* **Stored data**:
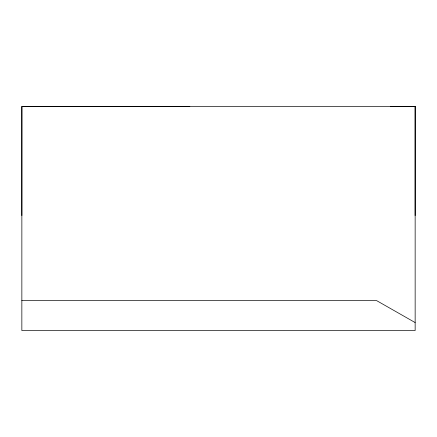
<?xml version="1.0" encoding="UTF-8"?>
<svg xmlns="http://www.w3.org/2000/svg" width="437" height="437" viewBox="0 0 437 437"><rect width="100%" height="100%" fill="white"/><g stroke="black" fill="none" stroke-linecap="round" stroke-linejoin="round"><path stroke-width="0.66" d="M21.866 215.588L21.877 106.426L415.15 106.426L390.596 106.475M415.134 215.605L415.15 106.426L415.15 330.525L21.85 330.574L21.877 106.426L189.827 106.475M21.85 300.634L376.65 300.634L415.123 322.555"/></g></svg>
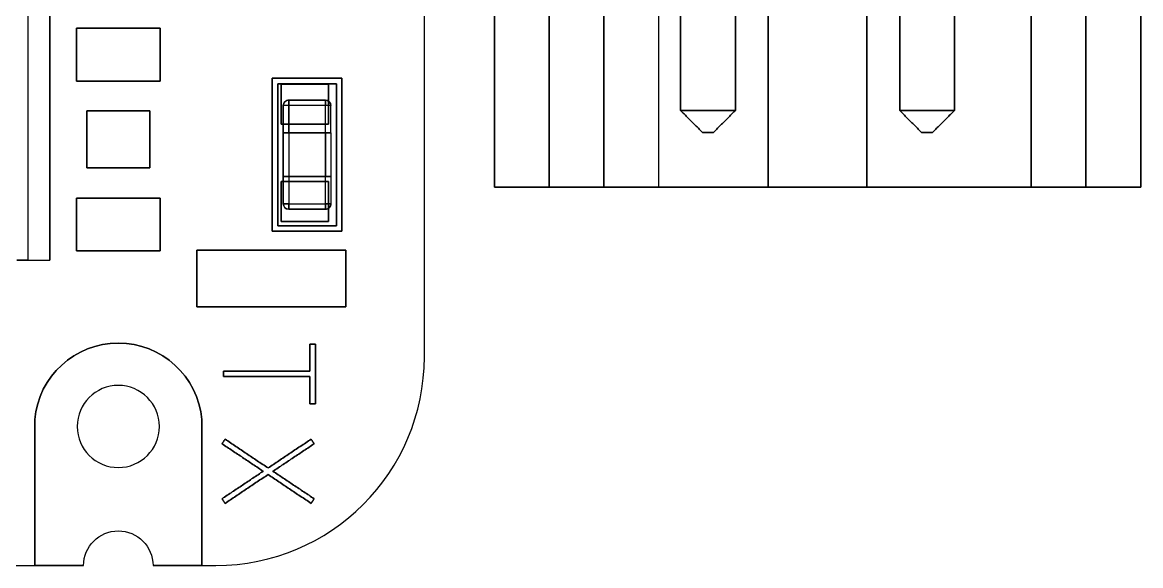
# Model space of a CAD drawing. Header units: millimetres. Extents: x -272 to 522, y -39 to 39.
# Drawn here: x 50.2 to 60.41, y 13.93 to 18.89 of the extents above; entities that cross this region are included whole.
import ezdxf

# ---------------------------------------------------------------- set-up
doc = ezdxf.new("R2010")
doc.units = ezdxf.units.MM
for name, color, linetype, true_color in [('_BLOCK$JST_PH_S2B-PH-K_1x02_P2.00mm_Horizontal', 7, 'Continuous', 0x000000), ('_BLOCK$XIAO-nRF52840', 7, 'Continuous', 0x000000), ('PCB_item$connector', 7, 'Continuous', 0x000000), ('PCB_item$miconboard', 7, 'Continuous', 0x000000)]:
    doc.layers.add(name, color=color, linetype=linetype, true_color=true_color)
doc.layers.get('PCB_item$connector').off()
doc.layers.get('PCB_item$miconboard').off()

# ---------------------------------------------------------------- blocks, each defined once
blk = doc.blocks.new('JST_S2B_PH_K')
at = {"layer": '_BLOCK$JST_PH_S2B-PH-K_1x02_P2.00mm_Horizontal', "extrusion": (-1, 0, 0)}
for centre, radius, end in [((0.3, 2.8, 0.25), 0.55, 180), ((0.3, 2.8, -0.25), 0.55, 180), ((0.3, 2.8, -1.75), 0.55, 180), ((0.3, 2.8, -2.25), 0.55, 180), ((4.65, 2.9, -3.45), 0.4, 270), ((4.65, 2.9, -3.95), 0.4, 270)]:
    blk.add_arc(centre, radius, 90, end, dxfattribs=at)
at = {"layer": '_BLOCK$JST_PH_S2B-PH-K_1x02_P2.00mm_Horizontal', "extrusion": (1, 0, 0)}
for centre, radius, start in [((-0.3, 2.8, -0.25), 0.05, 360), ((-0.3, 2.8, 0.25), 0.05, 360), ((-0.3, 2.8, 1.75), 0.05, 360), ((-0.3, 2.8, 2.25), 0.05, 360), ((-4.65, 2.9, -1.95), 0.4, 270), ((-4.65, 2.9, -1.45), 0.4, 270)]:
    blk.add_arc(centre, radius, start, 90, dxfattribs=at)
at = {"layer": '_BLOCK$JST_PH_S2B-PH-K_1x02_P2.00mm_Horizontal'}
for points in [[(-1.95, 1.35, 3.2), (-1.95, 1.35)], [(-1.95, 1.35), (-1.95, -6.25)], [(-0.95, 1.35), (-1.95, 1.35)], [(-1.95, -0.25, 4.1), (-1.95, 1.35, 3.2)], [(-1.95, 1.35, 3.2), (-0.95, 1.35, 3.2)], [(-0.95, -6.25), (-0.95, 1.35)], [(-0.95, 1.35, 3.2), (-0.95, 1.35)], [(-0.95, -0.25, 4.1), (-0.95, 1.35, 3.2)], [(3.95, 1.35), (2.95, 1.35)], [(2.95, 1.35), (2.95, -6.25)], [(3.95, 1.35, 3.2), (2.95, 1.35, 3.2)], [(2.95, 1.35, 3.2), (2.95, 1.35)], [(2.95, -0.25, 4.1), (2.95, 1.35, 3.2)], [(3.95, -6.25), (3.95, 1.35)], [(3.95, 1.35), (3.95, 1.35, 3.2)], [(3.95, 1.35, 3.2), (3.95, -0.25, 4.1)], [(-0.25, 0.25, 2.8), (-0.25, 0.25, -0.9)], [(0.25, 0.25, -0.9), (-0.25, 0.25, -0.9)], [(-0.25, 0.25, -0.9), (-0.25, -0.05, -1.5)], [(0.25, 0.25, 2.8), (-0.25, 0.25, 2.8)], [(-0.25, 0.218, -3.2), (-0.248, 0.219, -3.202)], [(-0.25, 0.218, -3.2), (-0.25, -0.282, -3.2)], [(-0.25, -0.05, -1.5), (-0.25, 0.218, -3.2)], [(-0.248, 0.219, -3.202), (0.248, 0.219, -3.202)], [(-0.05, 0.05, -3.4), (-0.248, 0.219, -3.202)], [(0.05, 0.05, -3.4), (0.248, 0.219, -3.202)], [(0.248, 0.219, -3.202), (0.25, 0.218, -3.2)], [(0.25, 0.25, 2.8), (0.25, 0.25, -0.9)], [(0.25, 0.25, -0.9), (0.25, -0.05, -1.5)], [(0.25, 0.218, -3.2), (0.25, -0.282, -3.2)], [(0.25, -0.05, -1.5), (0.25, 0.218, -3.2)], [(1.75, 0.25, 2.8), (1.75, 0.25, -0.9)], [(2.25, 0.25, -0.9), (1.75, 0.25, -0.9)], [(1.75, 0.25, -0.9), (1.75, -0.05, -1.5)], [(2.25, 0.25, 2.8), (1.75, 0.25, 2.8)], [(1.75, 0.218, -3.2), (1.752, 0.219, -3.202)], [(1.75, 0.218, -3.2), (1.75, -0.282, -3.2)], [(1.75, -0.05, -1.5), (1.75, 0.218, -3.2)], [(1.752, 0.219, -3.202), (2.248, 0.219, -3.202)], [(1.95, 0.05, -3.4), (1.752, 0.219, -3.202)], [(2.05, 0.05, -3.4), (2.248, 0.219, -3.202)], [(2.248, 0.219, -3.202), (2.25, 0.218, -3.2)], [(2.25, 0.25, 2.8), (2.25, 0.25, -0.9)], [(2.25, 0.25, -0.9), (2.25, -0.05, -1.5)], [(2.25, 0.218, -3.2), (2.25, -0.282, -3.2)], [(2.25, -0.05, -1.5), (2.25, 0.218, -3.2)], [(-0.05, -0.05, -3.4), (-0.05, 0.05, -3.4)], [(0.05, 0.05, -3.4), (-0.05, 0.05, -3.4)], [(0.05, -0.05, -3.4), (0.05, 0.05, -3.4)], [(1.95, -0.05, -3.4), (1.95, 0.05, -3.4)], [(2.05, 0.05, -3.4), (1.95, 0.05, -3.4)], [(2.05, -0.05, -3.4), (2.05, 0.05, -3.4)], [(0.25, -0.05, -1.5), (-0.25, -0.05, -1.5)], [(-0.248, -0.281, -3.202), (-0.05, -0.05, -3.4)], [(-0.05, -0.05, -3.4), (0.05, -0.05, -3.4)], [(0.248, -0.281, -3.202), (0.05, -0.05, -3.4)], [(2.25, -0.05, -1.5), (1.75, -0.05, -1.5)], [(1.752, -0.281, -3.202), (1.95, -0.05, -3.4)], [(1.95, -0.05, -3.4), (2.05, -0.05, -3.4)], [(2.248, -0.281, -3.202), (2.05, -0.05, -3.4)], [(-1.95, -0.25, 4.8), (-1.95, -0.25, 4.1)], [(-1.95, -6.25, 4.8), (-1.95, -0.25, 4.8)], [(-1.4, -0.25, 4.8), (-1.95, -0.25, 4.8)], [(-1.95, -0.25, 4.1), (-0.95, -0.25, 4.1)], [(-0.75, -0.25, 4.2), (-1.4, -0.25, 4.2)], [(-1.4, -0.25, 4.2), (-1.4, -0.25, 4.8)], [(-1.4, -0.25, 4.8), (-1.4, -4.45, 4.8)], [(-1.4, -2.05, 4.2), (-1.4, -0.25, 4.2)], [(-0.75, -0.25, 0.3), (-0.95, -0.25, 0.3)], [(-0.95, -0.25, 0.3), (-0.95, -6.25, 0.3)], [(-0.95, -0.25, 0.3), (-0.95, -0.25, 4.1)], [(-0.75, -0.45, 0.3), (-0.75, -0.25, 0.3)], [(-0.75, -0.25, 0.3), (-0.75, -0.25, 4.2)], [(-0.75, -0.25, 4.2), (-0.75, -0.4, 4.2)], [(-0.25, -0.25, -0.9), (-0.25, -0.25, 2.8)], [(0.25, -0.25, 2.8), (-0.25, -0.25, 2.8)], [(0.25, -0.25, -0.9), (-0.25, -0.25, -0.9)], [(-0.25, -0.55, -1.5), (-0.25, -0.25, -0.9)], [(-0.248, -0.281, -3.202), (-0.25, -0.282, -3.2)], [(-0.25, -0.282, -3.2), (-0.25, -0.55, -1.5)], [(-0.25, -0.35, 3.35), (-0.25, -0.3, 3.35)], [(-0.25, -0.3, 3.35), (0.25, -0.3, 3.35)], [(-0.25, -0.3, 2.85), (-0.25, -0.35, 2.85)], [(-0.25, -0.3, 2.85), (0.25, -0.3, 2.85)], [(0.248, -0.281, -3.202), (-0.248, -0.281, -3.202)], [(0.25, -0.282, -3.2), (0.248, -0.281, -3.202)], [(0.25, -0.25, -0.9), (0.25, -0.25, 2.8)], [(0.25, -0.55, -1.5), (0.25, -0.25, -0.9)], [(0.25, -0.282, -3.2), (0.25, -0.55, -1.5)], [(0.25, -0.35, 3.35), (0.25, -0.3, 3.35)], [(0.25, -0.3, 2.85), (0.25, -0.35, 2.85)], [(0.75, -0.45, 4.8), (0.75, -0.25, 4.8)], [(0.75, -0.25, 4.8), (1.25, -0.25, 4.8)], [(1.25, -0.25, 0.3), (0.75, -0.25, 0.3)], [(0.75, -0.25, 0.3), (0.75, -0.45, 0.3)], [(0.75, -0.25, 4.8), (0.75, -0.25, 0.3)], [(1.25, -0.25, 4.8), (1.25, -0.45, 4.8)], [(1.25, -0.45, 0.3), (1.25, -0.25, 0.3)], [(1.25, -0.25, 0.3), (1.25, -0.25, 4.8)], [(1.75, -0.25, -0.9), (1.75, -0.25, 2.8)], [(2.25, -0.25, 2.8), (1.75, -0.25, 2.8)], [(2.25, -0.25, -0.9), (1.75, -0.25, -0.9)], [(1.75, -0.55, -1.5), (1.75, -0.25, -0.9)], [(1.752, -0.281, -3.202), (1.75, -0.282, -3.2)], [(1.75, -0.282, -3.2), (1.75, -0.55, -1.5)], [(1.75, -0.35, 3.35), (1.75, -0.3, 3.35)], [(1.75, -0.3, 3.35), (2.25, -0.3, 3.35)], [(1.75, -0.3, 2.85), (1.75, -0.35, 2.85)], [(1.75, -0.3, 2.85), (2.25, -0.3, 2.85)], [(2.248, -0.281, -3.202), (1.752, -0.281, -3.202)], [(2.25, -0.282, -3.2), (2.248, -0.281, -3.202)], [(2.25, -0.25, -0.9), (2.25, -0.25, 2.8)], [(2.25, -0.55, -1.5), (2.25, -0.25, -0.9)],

* **Task description**:
Note how many lines in the data above contain "linetype", then state that number alone.

* **Result of the exercise**:
2